The Microscopic Response Method: theory of transport for systems with both topological and thermal disorder

TL;DR

This paper reviews and advances the Microscopic Response Method for calculating transport properties in complex disordered systems, emphasizing temperature dependence and practical computation compared to traditional formalisms.

Contribution

It develops the Microscopic Response Method to include topological and thermal disorder effects, providing a practical alternative to the Kubo formalism for transport calculations.

Findings

Derived conductivity and Hall mobility for amorphous semiconductors and polymers.

Included effects of quantized lattice vibrations on transport coefficients.

Presented a diagrammatic expansion for higher-order process contributions.

Abstract

In this paper, we review and substantially develop the recently proposed "Microscopic Response Method", which has been devised to compute transport coefficients and especially associated temperature dependence in complex materials.
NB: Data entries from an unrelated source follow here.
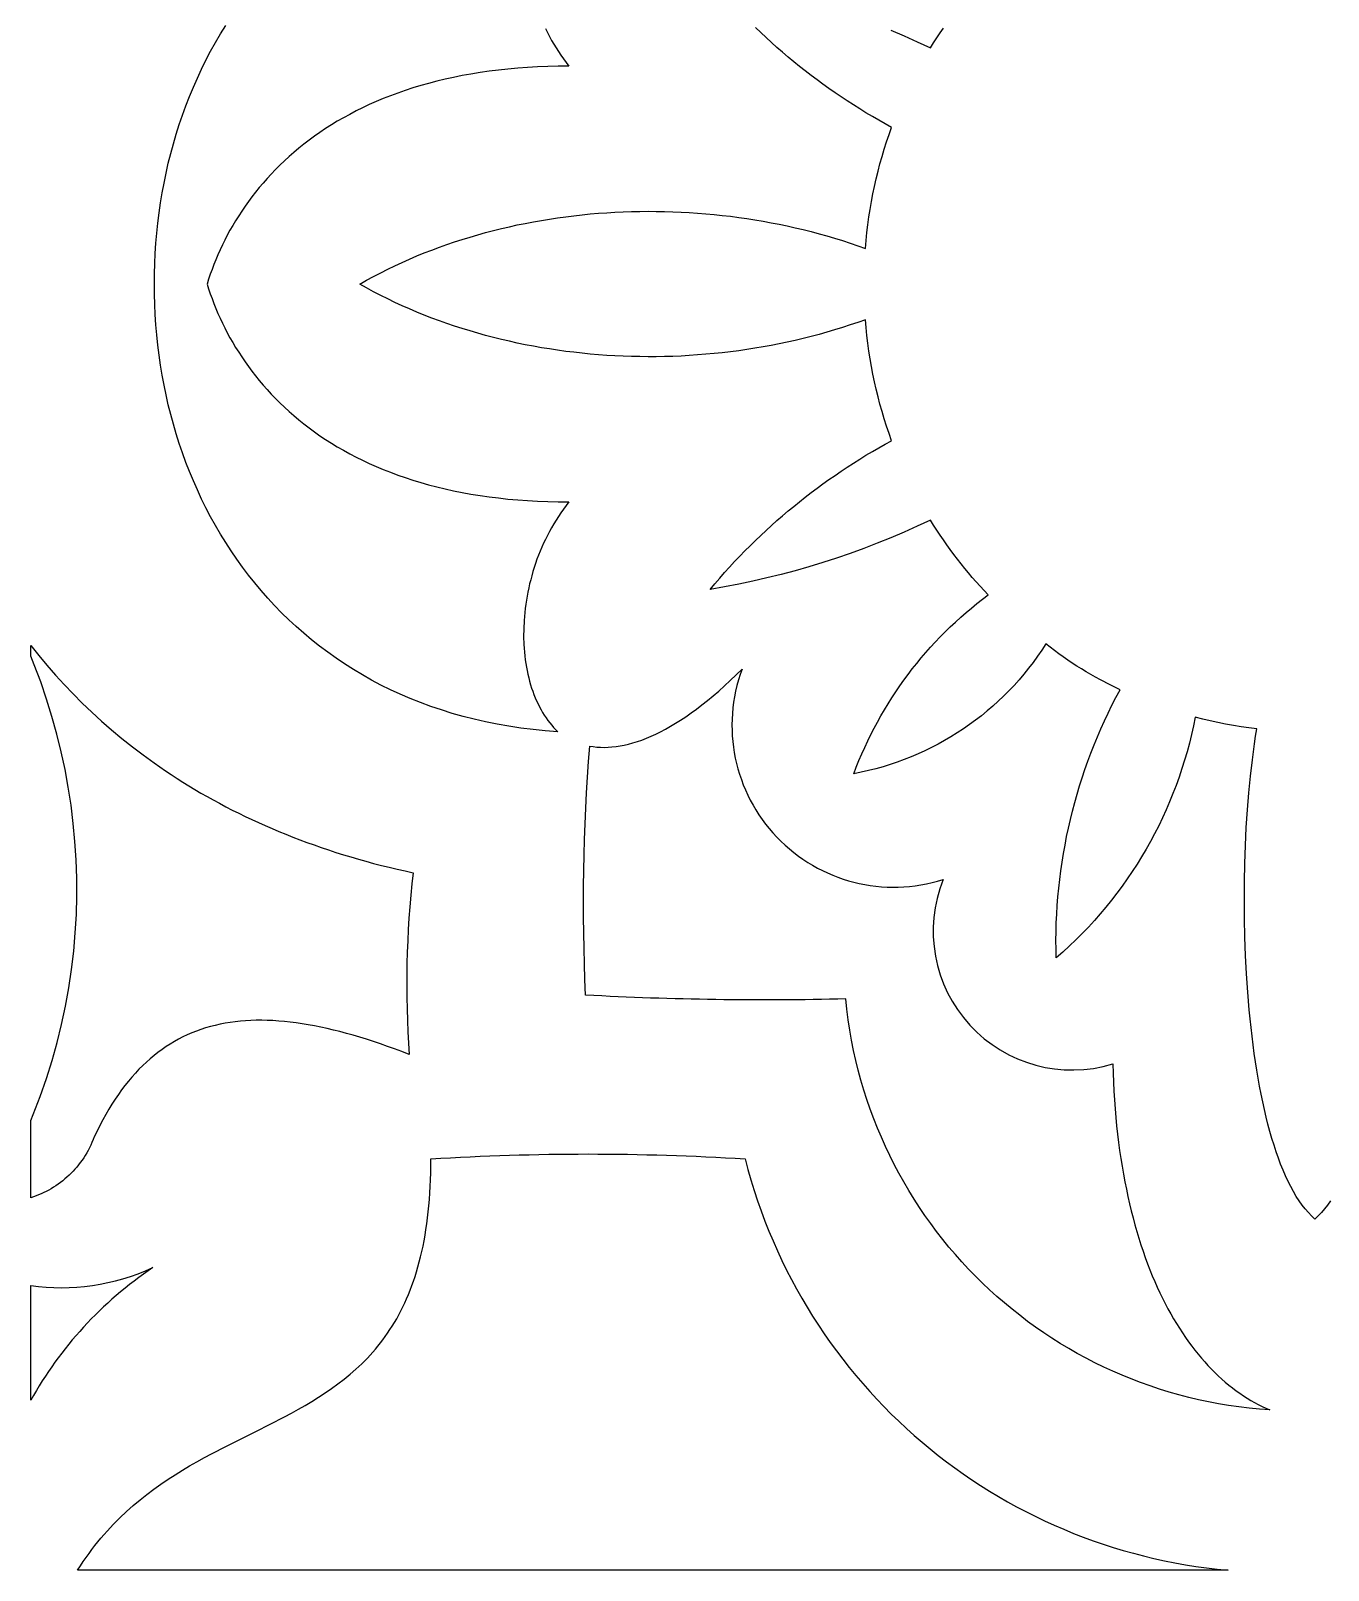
# Model space of a CAD drawing. Extents: x -4950 to -2150, y -1354 to 1346.
# Drawn here: x -4249.8 to -4099, y -704.4 to -525.5 of the extents above; entities that cross this region are included whole.
import ezdxf

# ---------------------------------------------------------------- set-up
doc = ezdxf.new("R2010")
doc.units = 0
doc.layers.add('LAYER_1', color=18, linetype='CONTINUOUS')

msp = doc.modelspace()

# ---------------------------------------------------------------- linework, layer by layer
at = {"layer": 'LAYER_1'}
for points in [[(-4190.01, -525.21), (-4189.78, -525.67), (-4189.54, -526.12), (-4189.3, -526.57), (-4189.04, -527.01), (-4188.77, -527.45), (-4188.5, -527.88), (-4188.21, -528.31), (-4187.91, -528.73), (-4187.61, -529.15), (-4187.29, -529.56), (-4188.52, -529.57), (-4189.73, -529.6), (-4190.92, -529.65), (-4192.09, -529.71), (-4193.23, -529.8), (-4194.36, -529.9), (-4195.46, -530.02), (-4196.55, -530.16), (-4197.61, -530.31), (-4198.66, -530.48), (-4199.68, -530.67), (-4200.69, -530.87), (-4201.67, -531.09), (-4202.64, -531.32), (-4203.59, -531.57), (-4204.51, -531.83), (-4205.42, -532.1), (-4206.31, -532.39), (-4207.18, -532.7), (-4208.03, -533.01), (-4208.87, -533.34), (-4209.68, -533.68), (-4210.48, -534.04), (-4211.26, -534.4), (-4212.02, -534.78), (-4212.76, -535.17), (-4213.49, -535.57), (-4214.2, -535.98), (-4214.89, -536.4), (-4215.56, -536.83), (-4216.22, -537.27), (-4216.86, -537.71), (-4217.48, -538.17), (-4218.09, -538.64), (-4218.68, -539.11), (-4219.25, -539.59), (-4219.81, -540.08), (-4220.35, -540.58), (-4220.88, -541.08), (-4221.39, -541.59), (-4221.89, -542.11), (-4222.37, -542.63), (-4222.83, -543.15), (-4223.28, -543.69), (-4223.72, -544.22), (-4224.14, -544.76), (-4224.54, -545.31), (-4224.93, -545.86), (-4225.31, -546.41), (-4225.67, -546.97), (-4226.02, -547.53), (-4226.36, -548.09), (-4226.68, -548.65), (-4226.99, -549.21), (-4227.28, -549.78), (-4227.56, -550.35), (-4227.83, -550.92), (-4228.08, -551.49), (-4228.33, -552.06), (-4228.56, -552.62), (-4228.77, -553.19), (-4228.98, -553.76), (-4229.17, -554.33), (-4229.35, -554.89), (-4229.17, -555.46), (-4228.98, -556.02), (-4228.77, -556.59), (-4228.56, -557.16), (-4228.33, -557.73), (-4228.08, -558.3), (-4227.83, -558.87), (-4227.56, -559.44), (-4227.28, -560), (-4226.99, -560.57), (-4226.68, -561.14), (-4226.36, -561.7), (-4226.02, -562.26), (-4225.67, -562.82), (-4225.31, -563.37), (-4224.93, -563.93), (-4224.54, -564.48), (-4224.14, -565.02), (-4223.72, -565.56), (-4223.28, -566.1), (-4222.83, -566.63), (-4222.37, -567.16), (-4221.89, -567.68), (-4221.39, -568.2), (-4220.88, -568.7), (-4220.35, -569.21), (-4219.81, -569.7), (-4219.25, -570.19), (-4218.68, -570.67), (-4218.09, -571.15), (-4217.48, -571.61), (-4216.86, -572.07), (-4216.22, -572.52), (-4215.56, -572.96), (-4214.89, -573.39), (-4214.2, -573.81), (-4213.49, -574.22), (-4212.76, -574.62), (-4212.02, -575), (-4211.26, -575.38), (-4210.48, -575.75), (-4209.68, -576.1), (-4208.87, -576.44), (-4208.03, -576.77), (-4207.18, -577.09), (-4206.31, -577.39), (-4205.42, -577.68), (-4204.51, -577.96), (-4203.59, -578.22), (-4202.64, -578.47), (-4201.67, -578.7), (-4200.69, -578.92), (-4199.68, -579.12), (-4198.66, -579.3), (-4197.61, -579.47), (-4196.55, -579.63), (-4195.46, -579.76), (-4194.36, -579.88), (-4193.23, -579.99), (-4192.09, -580.07), (-4190.92, -580.14), (-4189.73, -580.18), (-4188.52, -580.21), (-4187.29, -580.22), (-4187.61, -580.63), (-4187.91, -581.05), (-4188.21, -581.48), (-4188.5, -581.9), (-4188.77, -582.34), (-4189.04, -582.78), (-4189.3, -583.22), (-4189.54, -583.67), (-4189.78, -584.12), (-4190.01, -584.57), (-4190.22, -585.03), (-4190.43, -585.49), (-4190.62, -585.96), (-4190.81, -586.42), (-4190.99, -586.89), (-4191.15, -587.36), (-4191.31, -587.84), (-4191.46, -588.31), (-4191.6, -588.79), (-4191.72, -589.26), (-4191.84, -589.74), (-4191.95, -590.22), (-4192.05, -590.69), (-4192.14, -591.17), (-4192.22, -591.65), (-4192.3, -592.12), (-4192.36, -592.6), (-4192.41, -593.07), (-4192.49, -594.01), (-4192.53, -594.95), (-4192.54, -595.87), (-4192.51, -596.78), (-4192.48, -597.23), (-4192.45, -597.68), (-4192.4, -598.12), (-4192.35, -598.56), (-4192.28, -598.99), (-4192.21, -599.41), (-4192.13, -599.83), (-4192.04, -600.25), (-4191.95, -600.66), (-4191.84, -601.06), (-4191.73, -601.46), (-4191.61, -601.85), (-4191.48, -602.23), (-4191.34, -602.61), (-4191.19, -602.98), (-4191.04, -603.34), (-4190.87, -603.69), (-4190.7, -604.03), (-4190.52, -604.37), (-4190.34, -604.69), (-4190.14, -605.01), (-4189.94, -605.31), (-4189.73, -605.61), (-4189.51, -605.9), (-4189.28, -606.17), (-4189.05, -606.44), (-4188.81, -606.69), (-4188.56, -606.94), (-4190.02, -606.82), (-4191.45, -606.68), (-4192.86, -606.5), (-4194.25, -606.29), (-4195.62, -606.05), (-4196.96, -605.78), (-4198.28, -605.48), (-4199.58, -605.15), (-4200.85, -604.79), (-4202.1, -604.4), (-4203.33, -603.98), (-4204.54, -603.54), (-4205.72, -603.07), (-4206.88, -602.57), (-4208.01, -602.04), (-4209.13, -601.5), (-4210.22, -600.92), (-4211.28, -600.32), (-4212.33, -599.7), (-4213.35, -599.05), (-4214.34, -598.38), (-4215.32, -597.69), (-4216.27, -596.98), (-4217.2, -596.24), (-4218.11, -595.48), (-4218.99, -594.71), (-4219.85, -593.91), (-4220.69, -593.09), (-4221.5, -592.26), (-4222.29, -591.4), (-4223.06, -590.53), (-4223.8, -589.64), (-4224.52, -588.73), (-4225.22, -587.81), (-4225.9, -586.87), (-4226.55, -585.91), (-4227.18, -584.94), (-4227.79, -583.96), (-4228.37, -582.96), (-4228.93, -581.95), (-4229.47, -580.92), (-4229.98, -579.88), (-4230.47, -578.83), (-4230.94, -577.77), (-4231.38, -576.7), (-4231.81, -575.62), (-4232.2, -574.52), (-4232.58, -573.42), (-4232.93, -572.31), (-4233.26, -571.19), (-4233.57, -570.06), (-4233.85, -568.92), (-4234.11, -567.78), (-4234.35, -566.63), (-4234.56, -565.48), (-4234.76, -564.32), (-4234.92, -563.15), (-4235.07, -561.98), (-4235.19, -560.81), (-4235.29, -559.63), (-4235.36, -558.45), (-4235.42, -557.26), (-4235.45, -556.08), (-4235.45, -554.89), (-4235.45, -553.71), (-4235.42, -552.52), (-4235.36, -551.34), (-4235.29, -550.16), (-4235.19, -548.98), (-4235.07, -547.8), (-4234.92, -546.63), (-4234.76, -545.47), (-4234.56, -544.31), (-4234.35, -543.15), (-4234.11, -542), (-4233.85, -540.86), (-4233.57, -539.72), (-4233.26, -538.6), (-4232.93, -537.48), (-4232.58, -536.36), (-4232.2, -535.26), (-4231.81, -534.17), (-4231.38, -533.09), (-4230.94, -532.01), (-4230.47, -530.95), (-4229.98, -529.9), (-4229.47, -528.86), (-4228.93, -527.84), (-4228.37, -526.83), (-4227.79, -525.83), (-4227.18, -524.84)], [(-4149.86, -525.39), (-4148.31, -526.05), (-4146.77, -526.73), (-4145.25, -527.44), (-4144.88, -526.86), (-4144.51, -526.28), (-4144.13, -525.71), (-4143.74, -525.14)]]:
    msp.add_lwpolyline(points, dxfattribs=at)
msp.add_lwpolyline([(-4098.72, -661.45), (-4099.07, -661.94), (-4099.43, -662.4), (-4099.79, -662.82), (-4100.17, -663.21), (-4100.55, -663.57), (-4100.94, -663.21), (-4101.31, -662.82), (-4101.68, -662.4), (-4102.03, -661.94), (-4102.38, -661.45), (-4102.71, -660.93), (-4103.04, -660.38), (-4103.36, -659.79), (-4103.66, -659.19), (-4103.96, -658.55), (-4104.25, -657.89), (-4104.53, -657.2), (-4104.79, -656.48), (-4105.05, -655.74), (-4105.3, -654.98), (-4105.54, -654.2), (-4105.78, -653.39), (-4106, -652.56), (-4106.21, -651.72), (-4106.42, -650.85), (-4106.61, -649.96), (-4106.8, -649.06), (-4106.97, -648.14), (-4107.14, -647.21), (-4107.3, -646.26), (-4107.45, -645.3), (-4107.6, -644.32), (-4107.73, -643.33), (-4107.86, -642.33), (-4107.97, -641.32), (-4108.08, -640.3), (-4108.18, -639.27), (-4108.36, -637.18), (-4108.5, -635.07), (-4108.61, -632.94), (-4108.69, -630.8), (-4108.74, -628.65), (-4108.75, -626.5), (-4108.74, -624.36), (-4108.69, -622.24), (-4108.62, -620.14), (-4108.52, -618.06), (-4108.38, -616.02), (-4108.22, -614.03), (-4108.04, -612.08), (-4107.82, -610.18), (-4107.58, -608.35), (-4107.44, -607.46), (-4107.31, -606.59), (-4108.22, -606.47), (-4109.13, -606.34), (-4110.03, -606.19), (-4110.93, -606.03), (-4111.82, -605.85), (-4112.71, -605.66), (-4113.59, -605.45), (-4114.47, -605.23), (-4114.67, -606.24), (-4114.9, -607.25), (-4115.14, -608.25), (-4115.41, -609.25), (-4115.7, -610.24), (-4116, -611.22), (-4116.33, -612.2), (-4116.68, -613.16), (-4117.05, -614.12), (-4117.44, -615.07), (-4117.84, -616.01), (-4118.27, -616.94), (-4118.71, -617.87), (-4119.18, -618.78), (-4119.66, -619.68), (-4120.17, -620.57), (-4120.69, -621.46), (-4121.23, -622.33), (-4121.78, -623.19), (-4122.36, -624.04), (-4122.95, -624.87), (-4123.56, -625.7), (-4124.19, -626.51), (-4124.84, -627.31), (-4125.5, -628.1), (-4126.19, -628.87), (-4126.88, -629.63), (-4127.6, -630.37), (-4128.33, -631.11), (-4129.08, -631.82), (-4129.84, -632.53), (-4130.62, -633.21), (-4130.64, -632.2), (-4130.65, -631.18), (-4130.64, -630.16), (-4130.61, -629.15), (-4130.56, -628.13), (-4130.5, -627.12), (-4130.42, -626.11), (-4130.33, -625.1), (-4130.21, -624.09), (-4130.09, -623.09), (-4129.94, -622.09), (-4129.78, -621.09), (-4129.6, -620.1), (-4129.41, -619.1), (-4129.2, -618.12), (-4128.97, -617.13), (-4128.73, -616.15), (-4128.47, -615.17), (-4128.2, -614.2), (-4127.91, -613.23), (-4127.6, -612.27), (-4127.28, -611.31), (-4126.95, -610.36), (-4126.59, -609.41), (-4126.22, -608.47), (-4125.84, -607.53), (-4125.44, -606.6), (-4125.02, -605.67), (-4124.59, -604.76), (-4124.14, -603.84), (-4123.68, -602.94), (-4123.2, -602.04), (-4124.35, -601.48), (-4125.48, -600.9), (-4126.04, -600.59), (-4126.59, -600.28), (-4127.14, -599.96), (-4127.68, -599.63), (-4128.22, -599.29), (-4128.75, -598.95), (-4129.28, -598.6), (-4129.8, -598.24), (-4130.31, -597.87), (-4130.82, -597.49), (-4131.32, -597.1), (-4131.81, -596.7, -0.209037), (-4154.16, -611.81), (-4153.87, -611.04), (-4153.56, -610.27), (-4153.23, -609.51), (-4152.89, -608.75), (-4152.54, -608), (-4152.18, -607.26), (-4151.8, -606.53), (-4151.41, -605.8), (-4151.01, -605.08), (-4150.6, -604.37), (-4150.17, -603.67), (-4149.73, -602.97), (-4149.28, -602.28), (-4148.81, -601.61), (-4148.34, -600.94), (-4147.85, -600.27), (-4147.35, -599.62), (-4146.84, -598.98), (-4146.32, -598.34), (-4145.78, -597.72), (-4145.24, -597.11), (-4144.68, -596.5), (-4144.11, -595.9), (-4143.53, -595.32), (-4142.94, -594.74), (-4142.35, -594.18), (-4141.73, -593.62), (-4141.11, -593.08), (-4140.48, -592.55), (-4139.84, -592.02), (-4139.19, -591.51), (-4138.53, -591.01), (-4139, -590.52), (-4139.47, -590.01), (-4139.92, -589.5), (-4140.38, -588.99), (-4140.82, -588.46), (-4141.26, -587.94), (-4141.69, -587.4), (-4142.11, -586.86), (-4142.53, -586.32), (-4142.94, -585.76), (-4143.34, -585.21), (-4143.74, -584.64), (-4144.13, -584.08), (-4144.51, -583.5), (-4144.88, -582.92), (-4145.25, -582.34), (-4146.77, -583.05), (-4148.31, -583.74), (-4149.86, -584.4), (-4151.42, -585.03), (-4152.99, -585.63), (-4154.57, -586.2), (-4156.16, -586.75), (-4157.76, -587.27), (-4159.37, -587.76), (-4160.99, -588.22), (-4162.61, -588.65), (-4164.25, -589.05), (-4165.89, -589.43), (-4167.54, -589.77), (-4169.19, -590.09), (-4170.85, -590.38), (-4170.3, -589.72), (-4169.74, -589.07), (-4169.17, -588.42), (-4168.59, -587.79), (-4168.01, -587.16), (-4167.42, -586.54), (-4166.82, -585.92), (-4166.21, -585.31), (-4165.6, -584.71), (-4164.98, -584.12), (-4164.36, -583.54), (-4163.73, -582.96), (-4163.09, -582.39), (-4162.44, -581.83), (-4161.79, -581.27), (-4161.13, -580.73), (-4160.46, -580.19), (-4159.79, -579.66), (-4159.11, -579.14), (-4158.43, -578.62), (-4157.74, -578.11), (-4157.04, -577.62), (-4156.34, -577.13), (-4155.63, -576.65), (-4154.92, -576.17), (-4154.2, -575.71), (-4153.47, -575.25), (-4152.74, -574.8), (-4152, -574.36), (-4151.26, -573.93), (-4150.51, -573.51), (-4149.76, -573.1), (-4150.06, -572.26), (-4150.34, -571.42), (-4150.61, -570.57), (-4150.87, -569.72), (-4151.12, -568.86), (-4151.34, -567.99), (-4151.56, -567.12), (-4151.76, -566.25), (-4151.94, -565.36), (-4152.11, -564.47), (-4152.27, -563.58), (-4152.41, -562.68), (-4152.53, -561.78), (-4152.64, -560.87), (-4152.73, -559.95), (-4152.8, -559.04), (-4153.69, -559.35), (-4154.58, -559.65), (-4155.48, -559.94), (-4156.38, -560.22), (-4157.29, -560.49), (-4158.2, -560.74), (-4159.12, -560.99), (-4160.04, -561.22), (-4160.97, -561.44), (-4161.9, -561.64), (-4162.83, -561.84), (-4163.77, -562.02), (-4164.71, -562.19), (-4165.65, -562.35), (-4166.6, -562.5), (-4167.54, -562.64), (-4168.5, -562.76), (-4169.45, -562.87), (-4170.4, -562.97), (-4171.36, -563.06), (-4172.32, -563.14), (-4173.28, -563.2), (-4174.23, -563.26), (-4175.2, -563.3), (-4176.16, -563.32), (-4177.12, -563.34), (-4178.08, -563.34), (-4179.04, -563.33), (-4180, -563.31), (-4180.96, -563.28), (-4181.92, -563.24), (-4182.88, -563.18), (-4183.83, -563.11), (-4184.79, -563.03), (-4185.74, -562.94), (-4186.69, -562.83), (-4187.64, -562.72), (-4188.59, -562.59), (-4189.53, -562.44), (-4190.47, -562.29), (-4191.41, -562.12), (-4192.35, -561.94), (-4193.28, -561.75), (-4194.2, -561.55), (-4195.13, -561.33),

The conductivity and Hall mobility of amorphous semiconductors and semiconducting polymers are systematically derived, and shown to be more practical than the Kubo formalism. The effect of a quantized lattice (phonons) on transport coefficients is fully included and then integrated out, providing the primary temperature dependence for the transport coefficients. For higher-order processes, using a diagrammatic expansion, one can consistently include all important contributions to a given order and directly write out the expressions of transport coefficients for various processes.